So wie für die Jugendherberge. Das Projekt hat auch lange gewackelt, war kompliziert, es gab Streit mit Nachbarn, aber jetzt öffnet der moderne Bau ganz neue Sichtachsen auf die Stadt, bestimmt das Viertel und wertet es auf. „Diese Jugendherberge war mir enorm wichtig“, sagt der Oberbürgermeister. Der Deal – das Steigenberger-Hotel im Bürgerpark und dafür eine Jugendherberge am Geiershagen – ist aus Markurths Sicht ideal.
„Seinem“ Kindheitsrevier wurde Leben eingehaucht. Hier hat er noch jede Menge Pläne. Als „Wassermann“ liegen ihm beispielsweise neue Stege und eine Beschilderung für die Menschen, die hier mit dem Paddelboot auf der Oker entlangkommen, am Herzen. Denn Ortsfremde stehen an dieser Stelle sozusagen auf dem Trockenen. Auch ein Weg für die Spaziergänger am inneren Umflutgraben entlang ist so ein Traum des Oberbürgermeisters.
„Durch die Jugendherberge werden jetzt junge Menschen hierher gelockt“, freut er sich, „denen sollten wir die Möglichkeit geben, sich hier in direkter Umgebung wohlzufühlen und Braunschweig zu erleben, zu Land und zu Wasser.“
„Das moderne Gesicht Eintrachts passt genau“.

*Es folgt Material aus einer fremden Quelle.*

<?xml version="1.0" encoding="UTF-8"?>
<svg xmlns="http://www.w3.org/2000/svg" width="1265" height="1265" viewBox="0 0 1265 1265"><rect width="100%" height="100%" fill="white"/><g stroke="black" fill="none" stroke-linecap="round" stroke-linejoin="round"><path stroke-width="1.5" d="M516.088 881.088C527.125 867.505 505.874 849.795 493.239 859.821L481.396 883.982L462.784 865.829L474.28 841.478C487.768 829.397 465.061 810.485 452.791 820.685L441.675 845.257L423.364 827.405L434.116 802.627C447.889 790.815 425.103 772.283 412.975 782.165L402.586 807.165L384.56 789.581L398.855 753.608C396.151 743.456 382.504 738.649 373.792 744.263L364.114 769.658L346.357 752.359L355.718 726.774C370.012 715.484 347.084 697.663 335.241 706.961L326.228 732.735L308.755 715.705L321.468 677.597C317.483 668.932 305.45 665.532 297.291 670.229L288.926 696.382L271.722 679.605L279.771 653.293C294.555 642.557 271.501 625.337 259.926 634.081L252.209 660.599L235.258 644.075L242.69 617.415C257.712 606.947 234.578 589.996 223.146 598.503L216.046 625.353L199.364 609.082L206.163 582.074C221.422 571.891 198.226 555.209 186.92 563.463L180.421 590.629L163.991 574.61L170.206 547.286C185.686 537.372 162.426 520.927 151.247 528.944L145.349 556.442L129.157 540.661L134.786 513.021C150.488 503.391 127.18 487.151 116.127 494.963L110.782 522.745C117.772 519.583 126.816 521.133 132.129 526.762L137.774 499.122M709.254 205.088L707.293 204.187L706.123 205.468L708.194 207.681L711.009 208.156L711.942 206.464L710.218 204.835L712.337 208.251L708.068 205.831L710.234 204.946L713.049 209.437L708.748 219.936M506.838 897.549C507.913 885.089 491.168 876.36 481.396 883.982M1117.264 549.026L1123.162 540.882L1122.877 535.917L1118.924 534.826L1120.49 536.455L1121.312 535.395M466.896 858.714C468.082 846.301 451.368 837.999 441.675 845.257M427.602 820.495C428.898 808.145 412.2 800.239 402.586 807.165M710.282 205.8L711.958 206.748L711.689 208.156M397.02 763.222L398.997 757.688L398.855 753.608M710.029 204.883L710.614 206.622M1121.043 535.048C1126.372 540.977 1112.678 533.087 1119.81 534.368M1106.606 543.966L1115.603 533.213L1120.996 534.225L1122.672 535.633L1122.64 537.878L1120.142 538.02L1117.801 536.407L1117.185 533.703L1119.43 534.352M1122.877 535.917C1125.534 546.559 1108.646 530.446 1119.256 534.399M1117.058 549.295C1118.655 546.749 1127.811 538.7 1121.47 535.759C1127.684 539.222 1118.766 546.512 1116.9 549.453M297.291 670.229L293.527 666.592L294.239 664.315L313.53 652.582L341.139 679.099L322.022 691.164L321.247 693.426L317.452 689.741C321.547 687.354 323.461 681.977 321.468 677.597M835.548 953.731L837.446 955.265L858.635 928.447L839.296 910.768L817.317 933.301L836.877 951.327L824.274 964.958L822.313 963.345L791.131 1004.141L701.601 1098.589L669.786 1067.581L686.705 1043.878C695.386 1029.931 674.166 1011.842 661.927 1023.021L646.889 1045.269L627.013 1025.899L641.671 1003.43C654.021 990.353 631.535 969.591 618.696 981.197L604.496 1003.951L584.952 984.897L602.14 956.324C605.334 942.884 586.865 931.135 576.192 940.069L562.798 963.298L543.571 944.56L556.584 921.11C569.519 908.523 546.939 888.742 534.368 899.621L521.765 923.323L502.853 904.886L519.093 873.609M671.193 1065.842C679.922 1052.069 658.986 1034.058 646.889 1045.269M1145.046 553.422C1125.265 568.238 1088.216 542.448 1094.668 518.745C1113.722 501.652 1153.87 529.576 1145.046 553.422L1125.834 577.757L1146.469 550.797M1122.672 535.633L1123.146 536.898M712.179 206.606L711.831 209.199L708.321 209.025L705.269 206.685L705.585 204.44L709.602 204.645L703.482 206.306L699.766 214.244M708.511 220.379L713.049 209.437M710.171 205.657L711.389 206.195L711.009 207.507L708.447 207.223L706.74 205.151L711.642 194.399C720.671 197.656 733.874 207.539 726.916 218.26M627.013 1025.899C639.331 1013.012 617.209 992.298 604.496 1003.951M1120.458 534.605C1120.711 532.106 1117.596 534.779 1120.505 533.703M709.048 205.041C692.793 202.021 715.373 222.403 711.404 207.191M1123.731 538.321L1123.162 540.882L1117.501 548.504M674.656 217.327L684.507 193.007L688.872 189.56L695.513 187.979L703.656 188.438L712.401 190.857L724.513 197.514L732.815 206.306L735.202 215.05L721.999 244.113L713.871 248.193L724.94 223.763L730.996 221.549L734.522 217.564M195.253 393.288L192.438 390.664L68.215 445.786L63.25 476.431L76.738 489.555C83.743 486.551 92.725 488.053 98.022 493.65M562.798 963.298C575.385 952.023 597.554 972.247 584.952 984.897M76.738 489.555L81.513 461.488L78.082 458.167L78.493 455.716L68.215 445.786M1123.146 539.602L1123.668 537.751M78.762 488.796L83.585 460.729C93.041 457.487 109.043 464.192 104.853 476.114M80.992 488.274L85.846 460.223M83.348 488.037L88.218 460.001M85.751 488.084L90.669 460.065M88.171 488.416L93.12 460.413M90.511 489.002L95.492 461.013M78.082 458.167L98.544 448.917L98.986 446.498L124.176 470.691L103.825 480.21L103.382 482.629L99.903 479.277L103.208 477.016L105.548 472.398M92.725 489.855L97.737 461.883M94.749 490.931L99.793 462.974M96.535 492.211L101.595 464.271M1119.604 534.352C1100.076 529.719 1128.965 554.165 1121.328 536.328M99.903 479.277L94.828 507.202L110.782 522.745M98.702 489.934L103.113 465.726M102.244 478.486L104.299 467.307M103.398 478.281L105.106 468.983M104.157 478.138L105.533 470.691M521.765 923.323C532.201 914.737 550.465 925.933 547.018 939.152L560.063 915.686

Eintracht-Fan Ulrich Markurth spielt beim BSV – Die Entwicklung an der Hamburger Straße ist für den Oberbürgermeister enorm positiv
Braunschweig. „Mein kleiner Neffe hatte sich zur Einschulung von mir einen Fanschal gewünscht, aus der Stadt mit den grün-weißen Farben – wie heißt die noch gleich?“ – Ulrich Markurth muss laut lachen, als er die Geschichte erzählt. Die vom ungeliebten Hannover-96-Schal, den er verschenken sollte. Ausgerechnet er, Ulrich Markurth, der personifizierte Einträchtler.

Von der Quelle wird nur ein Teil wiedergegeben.